CHARITY LAW BULLETIN No. 128

November 29, 2007
Editor: Terrance S. Carter


CANADIAN PRIVACY LEGISLATION REQUIRES CONSENT; U.S. ANTI-TERRORISM LEGISLATION TAKES AWAY CONSENT

By U. Shen Goh; LL.B., LL.M. and Trade-mark Agent

A. INTRODUCTION

Statistics Canada indicates that there are more than 161,000 charitable and non-profit organizations currently operating in Canada.1 This includes hospitals, universities, private schools, food banks, environmental groups, day-care centres, sports clubs, places of worship, social justice groups, groups that raise funds and awareness for various diseases, etc. Collectively, the 161,000 charitable and non-profit organizations have revenues totalling $112 billion,2 $8 billion of which come from individual donations.3 These organizations also draw upon two billion volunteer hours and 139 million memberships.4

The question, however, is how do these organizations raise the funds and find the volunteers that are fundamental to their organizations' existence? Before any organization can call or mail an individual to solicit funds or volunteers, the organization will need to have access to the individual's personal contact information. This Charity Law Bulletin explains how Canadian privacy legislation requires consent to do so, how such consent may be lost through U.S. anti-terrorism legislation, and what Canadian charitable and non-profit organizations can do to protect their donors, supporters, members, employees, volunteers and themselves.
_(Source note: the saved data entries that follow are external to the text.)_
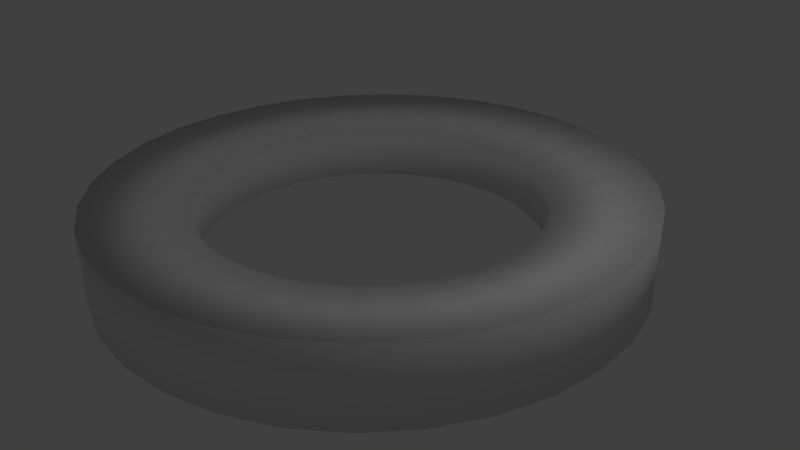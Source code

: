 # Source: MatterRring.blend  (saved by Blender 2.70.0; exported with 4.5.12 LTS)
import bpy
from mathutils import Matrix  # noqa: F401  (used for matrix-valued properties, if any)

bpy.ops.wm.read_factory_settings(use_empty=True)
scene = bpy.context.scene
scene.name = 'Scene'

# ---- collections
col_collection_1 = bpy.data.collections.new('Collection 1'); scene.collection.children.link(col_collection_1)

# ---- materials (node trees are filled in below, after node groups)
mat_material = bpy.data.materials.new('Material')
mat_material.alpha_threshold = 0.0
mat_material.use_transparent_shadow = False
mat_material.roughness = 0.5
mat_material.line_color = (0.0, 0.0, 0.0, 1.0)

# ---- material node trees

# ---- world
world_world = bpy.data.worlds.new('World'); scene.world = world_world
world_world.color = (0.05088, 0.05088, 0.05088)
world_world.use_sun_shadow = False
world_world.sun_shadow_jitter_overblur = 0.0
world_world.cycles.sampling_method = 'MANUAL'
world_world.cycles.sample_map_resolution = 256

# ---- cameras
cam_camera = bpy.data.cameras.new('Camera')
cam_camera.clip_end = 100.0
cam_camera.lens = 35.0
cam_camera.sensor_width = 32.0
cam_camera.sensor_height = 18.0
cam_camera.ortho_scale = 7.314
cam_camera.dof.focus_distance = 0.0
cam_camera.dof.aperture_fstop = 128.0

# ---- lights
light_lamp = bpy.data.lights.new('Lamp', 'POINT')
light_lamp.transmission_factor = 0.0
light_lamp.cutoff_distance = 30.0
light_lamp.energy = 100.0
light_lamp.shadow_buffer_clip_start = 1.001
light_lamp.shadow_soft_size = 0.1
light_lamp.shadow_maximum_resolution = 0.006
light_lamp.use_absolute_resolution = True
light_lamp.cycles.use_multiple_importance_sampling = False

# ---- meshes
me_circle = bpy.data.meshes.new('Circle')
me_circle.from_pydata([(4.75e-07, 5.0, 0.0), (-0.9755, 4.904, 0.0), (-1.913, 4.619, 0.0), (-2.778, 4.157, 0.0), (-3.536, 3.536, 0.0), (-4.157, 2.778, 0.0), (-4.619, 1.913, 0.0), (-4.904, 0.9755, 0.0), (-5.0, -7.624e-07, 0.0), (-4.904, -0.9755, 0.0), (-4.619, -1.913, 0.0), (-4.157, -2.778, 0.0), (-3.536, -3.536, 0.0), (-2.778, -4.157, 0.0), (-1.913, -4.619, 0.0), (-0.9754, -4.904, 0.0), (2.104e-06, -5.0, 0.0), (0.9755, -4.904, 0.0), (1.913, -4.619, 0.0), (2.778, -4.157, 0.0), (3.536, -3.536, 0.0), (4.157, -2.778, 0.0), (4.619, -1.913, 0.0), (4.904, -0.9754, 0.0), (5.0, 3.688e-06, 0.0), (4.904, 0.9755, 0.0), (4.619, 1.913, 0.0), (4.157, 2.778, 0.0), (3.536, 3.536, 0.0), (2.778, 4.157, 0.0), (1.913, 4.619, 0.0), (0.9754, 4.904, 0.0), (4.75e-07, 5.0, 1.0), (-0.9755, 4.904, 1.0), (-1.913, 4.619, 1.0), (-2.778, 4.157, 1.0), (-3.536, 3.536, 1.0), (-4.157, 2.778, 1.0), (-4.619, 1.913, 1.0), (-4.904, 0.9755, 1.0), (-5.0, -7.624e-07, 1.0), (-4.904, -0.9755, 1.0), (-4.619, -1.913, 1.0), (-4.157, -2.778, 1.0), (-3.536, -3.536, 1.0), (-2.778, -4.157, 1.0), (-1.913, -4.619, 1.0), (-0.9754, -4.904, 1.0), (2.104e-06, -5.0, 1.0), (0.9755, -4.904, 1.0), (1.913, -4.619, 1.0), (2.778, -4.157, 1.0), (3.536, -3.536, 1.0), (4.157, -2.778, 1.0), (4.619, -1.913, 1.0), (4.904, -0.9754, 1.0), (5.0, 3.688e-06, 1.0), (4.904, 0.9755, 1.0), (4.619, 1.913, 1.0), (4.157, 2.778, 1.0), (3.536, 3.536, 1.0), (2.778, 4.157, 1.0), (1.913, 4.619, 1.0), (0.9754, 4.904, 1.0), (2.995e-07, 3.15, 0.185), (-0.6145, 3.089, 0.185), (-1.205, 2.91, 0.185), (-1.75, 2.619, 0.185), (-2.227, 2.227, 0.185), (-2.619, 1.75, 0.185), (-2.91, 1.205, 0.185), (-3.089, 0.6145, 0.185), (-3.15, -3.011e-07, 0.185), (-3.089, -0.6145, 0.185), (-2.91, -1.205, 0.185), (-2.619, -1.75, 0.185), (-2.227, -2.227, 0.185), (-1.75, -2.619, 0.185), (-1.205, -2.91, 0.185), (-0.6145, -3.089, 0.185), (1.326e-06, -3.15, 0.185), (0.6145, -3.089, 0.185), (1.205, -2.91, 0.185), (1.75, -2.619, 0.185), (2.227, -2.227, 0.185), (2.619, -1.75, 0.185), (2.91, -1.205, 0.185), (3.089, -0.6145, 0.185), (3.15, 2.503e-06, 0.185), (3.089, 0.6145, 0.185), (2.91, 1.205, 0.185), (2.619, 1.75, 0.185), (2.227, 2.227, 0.185), (1.75, 2.619, 0.185), (1.205, 2.91, 0.185), (0.6145, 3.089, 0.185), (2.995e-07, 3.15, 0.815), (-0.6145, 3.089, 0.815), (-1.205, 2.91, 0.815), (-1.75, 2.619, 0.815), (-2.227, 2.227, 0.815), (-2.619, 1.75, 0.815), (-2.91, 1.205, 0.815), (-3.089, 0.6145, 0.815), (-3.15, -3.011e-07, 0.815), (-3.089, -0.6145, 0.815), (-2.91, -1.205, 0.815), (-2.619, -1.75, 0.815), (-2.227, -2.227, 0.815), (-1.75, -2.619, 0.815), (-1.205, -2.91, 0.815), (-0.6145, -3.089, 0.815), (1.326e-06, -3.15, 0.815), (0.6145, -3.089, 0.815), (1.205, -2.91, 0.815), (1.75, -2.619, 0.815), (2.227, -2.227, 0.815), (2.619, -1.75, 0.815), (2.91, -1.205, 0.815), (3.089, -0.6145, 0.815), (3.15, 2.503e-06, 0.815), (3.089, 0.6145, 0.815), (2.91, 1.205, 0.815), (2.619, 1.75, 0.815), (2.227, 2.227, 0.815), (1.75, 2.619, 0.815), (1.205, 2.91, 0.815), (0.6145, 3.089, 0.815)], [], [(3, 35, 36, 4), (0, 32, 33, 1), (29, 61, 62, 30), (26, 58, 59, 27), (23, 55, 56, 24), (20, 52, 53, 21), (17, 49, 50, 18), (14, 46, 47, 15), (11, 43, 44, 12), (8, 40, 41, 9), (5, 37, 38, 6), (2, 34, 35, 3), (31, 63, 32, 0), (28, 60, 61, 29), (25, 57, 58, 26), (22, 54, 55, 23), (19, 51, 52, 20), (16, 48, 49, 17), (13, 45, 46, 14), (10, 42, 43, 11), (7, 39, 40, 8), (4, 36, 37, 5), (1, 33, 34, 2), (30, 62, 63, 31), (27, 59, 60, 28), (24, 56, 57, 25), (21, 53, 54, 22), (18, 50, 51, 19), (15, 47, 48, 16), (12, 44, 45, 13), (9, 41, 42, 10), (6, 38, 39, 7), (67, 68, 100, 99), (64, 65, 97, 96), (93, 94, 126, 125), (90, 91, 123, 122), (87, 88, 120, 119), (84, 85, 117, 116), (81, 82, 114, 113), (78, 79, 111, 110), (75, 76, 108, 107), (72, 73, 105, 104), (69, 70, 102, 101), (66, 67, 99, 98), (95, 64, 96, 127), (92, 93, 125, 124), (89, 90, 122, 121), (86, 87, 119, 118), (83, 84, 116, 115), (80, 81, 113, 112), (77, 78, 110, 109), (74, 75, 107, 106), (71, 72, 104, 103), (68, 69, 101, 100), (65, 66, 98, 97), (94, 95, 127, 126), (91, 92, 124, 123), (88, 89, 121, 120), (85, 86, 118, 117), (82, 83, 115, 114), (79, 80, 112, 111), (76, 77, 109, 108), (73, 74, 106, 105), (70, 71, 103, 102), (0, 1, 65, 64), (3, 4, 68, 67), (6, 7, 71, 70), (9, 10, 74, 73), (12, 13, 77, 76), (15, 16, 80, 79), (18, 19, 83, 82), (21, 22, 86, 85), (24, 25, 89, 88), (27, 28, 92, 91), (30, 31, 95, 94), (34, 33, 97, 98), (37, 36, 100, 101), (40, 39, 103, 104), (43, 42, 106, 107), (46, 45, 109, 110), (49, 48, 112, 113), (52, 51, 115, 116), (55, 54, 118, 119), (58, 57, 121, 122), (61, 60, 124, 125), (32, 63, 127, 96), (1, 2, 66, 65), (4, 5, 69, 68), (7, 8, 72, 71), (10, 11, 75, 74), (13, 14, 78, 77), (16, 17, 81, 80), (19, 20, 84, 83), (22, 23, 87, 86), (25, 26, 90, 89), (28, 29, 93, 92), (31, 0, 64, 95), (35, 34, 98, 99), (38, 37, 101, 102), (41, 40, 104, 105), (44, 43, 107, 108), (47, 46, 110, 111), (50, 49, 113, 114), (53, 52, 116, 117), (56, 55, 119, 120), (59, 58, 122, 123), (62, 61, 125, 126), (2, 3, 67, 66), (5, 6, 70, 69), (8, 9, 73, 72), (11, 12, 76, 75), (14, 15, 79, 78), (17, 18, 82, 81), (20, 21, 85, 84), (23, 24, 88, 87), (26, 27, 91, 90), (29, 30, 94, 93), (33, 32, 96, 97), (36, 35, 99, 100), (39, 38, 102, 103), (42, 41, 105, 106), (45, 44, 108, 109), (48, 47, 111, 112), (51, 50, 114, 115), (54, 53, 117, 118), (57, 56, 120, 121), (60, 59, 123, 124), (63, 62, 126, 127)])
me_circle.polygons.foreach_set('use_smooth', [True] * 128)
_uv = me_circle.uv_layers.new(name='UVMap')
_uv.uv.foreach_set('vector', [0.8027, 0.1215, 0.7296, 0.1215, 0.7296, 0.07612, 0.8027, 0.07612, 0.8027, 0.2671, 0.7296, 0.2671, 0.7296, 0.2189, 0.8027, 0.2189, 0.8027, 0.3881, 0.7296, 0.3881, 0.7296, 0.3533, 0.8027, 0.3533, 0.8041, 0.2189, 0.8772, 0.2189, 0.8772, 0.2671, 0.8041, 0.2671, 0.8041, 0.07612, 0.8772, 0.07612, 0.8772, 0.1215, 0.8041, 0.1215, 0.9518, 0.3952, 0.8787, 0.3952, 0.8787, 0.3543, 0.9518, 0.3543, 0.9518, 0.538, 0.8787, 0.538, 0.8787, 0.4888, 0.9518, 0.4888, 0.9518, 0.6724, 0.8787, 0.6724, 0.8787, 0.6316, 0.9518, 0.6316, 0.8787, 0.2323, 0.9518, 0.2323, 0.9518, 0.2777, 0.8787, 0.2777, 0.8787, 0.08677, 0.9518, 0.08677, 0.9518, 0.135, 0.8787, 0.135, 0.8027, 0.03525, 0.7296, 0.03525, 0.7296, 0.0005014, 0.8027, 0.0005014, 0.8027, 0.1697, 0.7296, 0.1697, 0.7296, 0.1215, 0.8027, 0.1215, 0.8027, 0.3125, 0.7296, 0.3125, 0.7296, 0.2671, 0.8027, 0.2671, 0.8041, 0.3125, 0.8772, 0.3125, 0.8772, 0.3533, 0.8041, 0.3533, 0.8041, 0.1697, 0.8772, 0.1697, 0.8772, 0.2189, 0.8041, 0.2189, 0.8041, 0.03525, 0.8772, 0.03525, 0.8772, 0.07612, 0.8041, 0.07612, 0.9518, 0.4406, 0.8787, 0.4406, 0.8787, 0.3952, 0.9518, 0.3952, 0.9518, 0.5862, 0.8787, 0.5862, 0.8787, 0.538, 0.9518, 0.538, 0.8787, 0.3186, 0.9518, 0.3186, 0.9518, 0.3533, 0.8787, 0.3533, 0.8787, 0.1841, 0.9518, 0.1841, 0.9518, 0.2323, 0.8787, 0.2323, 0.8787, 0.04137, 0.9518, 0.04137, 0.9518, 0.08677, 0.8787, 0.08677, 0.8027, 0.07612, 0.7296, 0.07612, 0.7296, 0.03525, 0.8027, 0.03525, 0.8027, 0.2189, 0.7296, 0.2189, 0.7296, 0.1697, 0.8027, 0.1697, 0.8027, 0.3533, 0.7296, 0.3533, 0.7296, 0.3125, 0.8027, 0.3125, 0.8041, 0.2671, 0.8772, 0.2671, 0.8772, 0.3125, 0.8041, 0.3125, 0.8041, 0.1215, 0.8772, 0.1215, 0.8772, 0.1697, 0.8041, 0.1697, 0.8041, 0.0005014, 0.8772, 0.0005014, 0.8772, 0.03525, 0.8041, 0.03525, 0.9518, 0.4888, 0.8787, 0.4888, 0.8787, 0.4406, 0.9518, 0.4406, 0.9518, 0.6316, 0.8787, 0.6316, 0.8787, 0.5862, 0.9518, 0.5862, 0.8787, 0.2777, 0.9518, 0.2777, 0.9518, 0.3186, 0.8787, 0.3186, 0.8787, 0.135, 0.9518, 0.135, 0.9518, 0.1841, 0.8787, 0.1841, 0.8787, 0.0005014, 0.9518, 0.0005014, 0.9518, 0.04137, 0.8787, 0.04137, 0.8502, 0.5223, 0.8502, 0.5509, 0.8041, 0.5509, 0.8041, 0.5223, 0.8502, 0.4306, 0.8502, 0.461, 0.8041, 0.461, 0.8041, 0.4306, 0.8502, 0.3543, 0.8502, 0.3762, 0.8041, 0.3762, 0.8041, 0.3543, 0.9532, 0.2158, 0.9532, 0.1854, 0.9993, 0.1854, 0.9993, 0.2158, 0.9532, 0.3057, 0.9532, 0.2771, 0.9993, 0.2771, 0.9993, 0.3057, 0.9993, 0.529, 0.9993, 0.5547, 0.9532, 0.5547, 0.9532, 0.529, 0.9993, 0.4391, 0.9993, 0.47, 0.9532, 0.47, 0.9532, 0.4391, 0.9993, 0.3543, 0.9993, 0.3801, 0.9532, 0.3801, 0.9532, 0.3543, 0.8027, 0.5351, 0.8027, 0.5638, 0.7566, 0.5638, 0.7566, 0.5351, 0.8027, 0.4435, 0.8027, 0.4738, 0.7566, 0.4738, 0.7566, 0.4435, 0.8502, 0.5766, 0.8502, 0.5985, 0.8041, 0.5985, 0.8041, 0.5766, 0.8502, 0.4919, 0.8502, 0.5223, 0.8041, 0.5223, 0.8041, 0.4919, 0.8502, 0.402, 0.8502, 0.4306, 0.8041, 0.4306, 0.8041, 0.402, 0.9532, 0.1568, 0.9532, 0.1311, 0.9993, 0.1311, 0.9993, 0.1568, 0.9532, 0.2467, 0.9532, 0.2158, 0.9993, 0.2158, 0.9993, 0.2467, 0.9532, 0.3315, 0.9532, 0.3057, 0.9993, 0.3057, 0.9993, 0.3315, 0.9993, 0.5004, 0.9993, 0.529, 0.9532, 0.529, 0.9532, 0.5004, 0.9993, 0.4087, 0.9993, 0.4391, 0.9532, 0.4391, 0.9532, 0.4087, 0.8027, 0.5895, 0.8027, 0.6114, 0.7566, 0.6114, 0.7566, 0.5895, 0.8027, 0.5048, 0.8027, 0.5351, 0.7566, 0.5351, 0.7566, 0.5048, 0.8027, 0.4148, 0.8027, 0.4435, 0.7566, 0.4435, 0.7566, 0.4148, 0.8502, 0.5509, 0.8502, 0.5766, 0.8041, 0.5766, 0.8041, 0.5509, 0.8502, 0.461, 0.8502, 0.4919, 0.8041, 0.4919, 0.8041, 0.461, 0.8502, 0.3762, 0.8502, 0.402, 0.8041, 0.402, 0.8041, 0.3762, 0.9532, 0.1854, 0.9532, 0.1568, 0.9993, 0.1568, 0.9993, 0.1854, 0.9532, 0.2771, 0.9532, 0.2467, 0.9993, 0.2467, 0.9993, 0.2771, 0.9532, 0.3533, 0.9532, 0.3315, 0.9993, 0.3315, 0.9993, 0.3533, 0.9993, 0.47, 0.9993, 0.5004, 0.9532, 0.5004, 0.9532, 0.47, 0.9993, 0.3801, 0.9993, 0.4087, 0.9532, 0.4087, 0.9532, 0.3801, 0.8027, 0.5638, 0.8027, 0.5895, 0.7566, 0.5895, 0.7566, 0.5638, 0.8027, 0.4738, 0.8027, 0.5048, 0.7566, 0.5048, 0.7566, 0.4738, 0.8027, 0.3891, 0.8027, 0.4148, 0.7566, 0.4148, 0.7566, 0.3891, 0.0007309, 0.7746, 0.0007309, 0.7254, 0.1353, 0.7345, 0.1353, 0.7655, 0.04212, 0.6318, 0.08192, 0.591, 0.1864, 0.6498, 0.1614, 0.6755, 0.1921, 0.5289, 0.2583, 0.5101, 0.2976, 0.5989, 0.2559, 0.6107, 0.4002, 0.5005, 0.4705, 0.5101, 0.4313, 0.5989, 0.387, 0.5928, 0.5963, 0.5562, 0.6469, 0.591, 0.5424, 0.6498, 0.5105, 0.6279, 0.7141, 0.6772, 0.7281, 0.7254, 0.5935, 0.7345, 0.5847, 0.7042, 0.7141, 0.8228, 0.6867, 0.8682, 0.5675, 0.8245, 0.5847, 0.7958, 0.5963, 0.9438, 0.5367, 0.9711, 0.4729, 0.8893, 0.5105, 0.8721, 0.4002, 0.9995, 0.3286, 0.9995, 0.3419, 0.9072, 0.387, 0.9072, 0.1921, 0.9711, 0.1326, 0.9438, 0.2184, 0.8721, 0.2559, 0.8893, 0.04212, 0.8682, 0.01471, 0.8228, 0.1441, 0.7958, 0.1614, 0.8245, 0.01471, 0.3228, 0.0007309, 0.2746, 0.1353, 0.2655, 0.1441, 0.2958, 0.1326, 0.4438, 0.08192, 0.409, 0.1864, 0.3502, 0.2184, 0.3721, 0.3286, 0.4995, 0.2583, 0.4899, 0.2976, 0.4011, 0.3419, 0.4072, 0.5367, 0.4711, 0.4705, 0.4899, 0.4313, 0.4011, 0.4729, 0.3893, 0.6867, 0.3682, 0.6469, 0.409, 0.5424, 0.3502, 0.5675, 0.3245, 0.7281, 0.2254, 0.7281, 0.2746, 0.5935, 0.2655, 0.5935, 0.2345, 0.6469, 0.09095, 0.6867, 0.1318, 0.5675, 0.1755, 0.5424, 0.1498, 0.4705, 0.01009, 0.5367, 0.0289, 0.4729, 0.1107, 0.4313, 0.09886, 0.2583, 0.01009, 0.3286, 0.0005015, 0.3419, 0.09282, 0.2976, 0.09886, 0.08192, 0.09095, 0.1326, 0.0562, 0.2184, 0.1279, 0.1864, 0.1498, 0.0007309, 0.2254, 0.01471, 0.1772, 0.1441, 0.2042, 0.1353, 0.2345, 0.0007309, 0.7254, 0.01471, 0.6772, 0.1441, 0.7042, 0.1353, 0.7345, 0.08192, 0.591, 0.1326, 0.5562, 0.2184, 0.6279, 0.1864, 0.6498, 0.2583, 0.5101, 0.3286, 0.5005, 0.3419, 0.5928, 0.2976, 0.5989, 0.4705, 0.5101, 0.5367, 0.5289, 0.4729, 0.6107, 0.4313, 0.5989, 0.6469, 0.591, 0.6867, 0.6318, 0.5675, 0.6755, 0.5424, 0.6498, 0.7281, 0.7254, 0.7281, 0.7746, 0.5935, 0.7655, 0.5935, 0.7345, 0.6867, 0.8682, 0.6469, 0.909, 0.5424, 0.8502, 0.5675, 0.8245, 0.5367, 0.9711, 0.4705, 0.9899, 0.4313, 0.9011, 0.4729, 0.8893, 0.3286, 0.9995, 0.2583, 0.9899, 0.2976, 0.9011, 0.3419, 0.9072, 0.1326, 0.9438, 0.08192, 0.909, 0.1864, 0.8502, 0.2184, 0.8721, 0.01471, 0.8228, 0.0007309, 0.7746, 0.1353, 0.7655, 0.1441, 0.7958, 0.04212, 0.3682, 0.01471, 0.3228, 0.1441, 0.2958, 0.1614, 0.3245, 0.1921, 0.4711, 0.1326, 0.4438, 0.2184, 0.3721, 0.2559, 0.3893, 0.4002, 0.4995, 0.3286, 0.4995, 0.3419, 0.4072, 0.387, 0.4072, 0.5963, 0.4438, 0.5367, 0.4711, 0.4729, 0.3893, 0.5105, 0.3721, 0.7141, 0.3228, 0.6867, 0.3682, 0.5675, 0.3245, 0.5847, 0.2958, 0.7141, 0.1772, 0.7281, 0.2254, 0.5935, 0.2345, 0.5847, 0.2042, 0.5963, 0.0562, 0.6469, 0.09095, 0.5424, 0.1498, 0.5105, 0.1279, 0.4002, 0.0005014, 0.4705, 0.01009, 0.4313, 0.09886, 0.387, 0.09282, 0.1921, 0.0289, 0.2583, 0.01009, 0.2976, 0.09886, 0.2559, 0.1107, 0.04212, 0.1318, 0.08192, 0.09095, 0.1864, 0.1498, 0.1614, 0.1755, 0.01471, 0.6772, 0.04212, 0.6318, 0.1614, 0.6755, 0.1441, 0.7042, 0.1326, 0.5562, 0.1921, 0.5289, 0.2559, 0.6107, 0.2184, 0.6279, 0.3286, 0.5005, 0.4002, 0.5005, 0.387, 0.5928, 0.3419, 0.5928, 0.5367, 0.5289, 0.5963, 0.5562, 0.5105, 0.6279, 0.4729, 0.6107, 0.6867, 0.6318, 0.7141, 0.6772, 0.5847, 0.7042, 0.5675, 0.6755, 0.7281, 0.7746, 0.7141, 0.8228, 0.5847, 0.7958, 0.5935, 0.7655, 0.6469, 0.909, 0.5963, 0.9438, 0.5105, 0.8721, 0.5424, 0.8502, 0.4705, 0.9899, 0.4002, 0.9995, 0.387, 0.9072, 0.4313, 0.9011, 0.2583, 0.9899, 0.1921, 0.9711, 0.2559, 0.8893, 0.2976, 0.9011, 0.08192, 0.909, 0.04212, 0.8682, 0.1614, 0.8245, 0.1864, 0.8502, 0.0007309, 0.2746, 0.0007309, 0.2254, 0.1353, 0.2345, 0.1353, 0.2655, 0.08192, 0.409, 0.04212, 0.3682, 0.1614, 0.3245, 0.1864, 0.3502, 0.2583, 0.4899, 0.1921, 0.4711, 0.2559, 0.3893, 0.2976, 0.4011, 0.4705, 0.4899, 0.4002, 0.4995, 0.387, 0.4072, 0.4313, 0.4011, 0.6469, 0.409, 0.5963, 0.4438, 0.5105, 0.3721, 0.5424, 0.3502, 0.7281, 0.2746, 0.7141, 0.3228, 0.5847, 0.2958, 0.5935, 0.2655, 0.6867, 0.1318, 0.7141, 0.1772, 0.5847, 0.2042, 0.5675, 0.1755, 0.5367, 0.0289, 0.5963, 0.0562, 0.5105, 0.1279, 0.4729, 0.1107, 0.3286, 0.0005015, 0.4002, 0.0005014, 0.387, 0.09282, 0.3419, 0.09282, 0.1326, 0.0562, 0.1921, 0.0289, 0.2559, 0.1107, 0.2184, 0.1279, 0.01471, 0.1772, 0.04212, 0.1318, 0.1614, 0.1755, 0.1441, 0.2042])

B. CANADIAN PRIVACY LEGISLATION

The Personal Information Protection and Electronic Documents Act ("PIPEDA") is the federal legislation in Canada that applies to every organization that collects, uses or discloses personal information in the course of commercial activities. In addition, Alberta, British Columbia and Quebec have provincial legislation substantially similar to PIPEDA that applies to every organization that collects, uses and discloses personal information, regardless of whether or not it is for commercial purposes. Furthermore, Ontario has provincial legislation regulating the collection, use and disclosure of personal health information, especially in relation to fundraising activities.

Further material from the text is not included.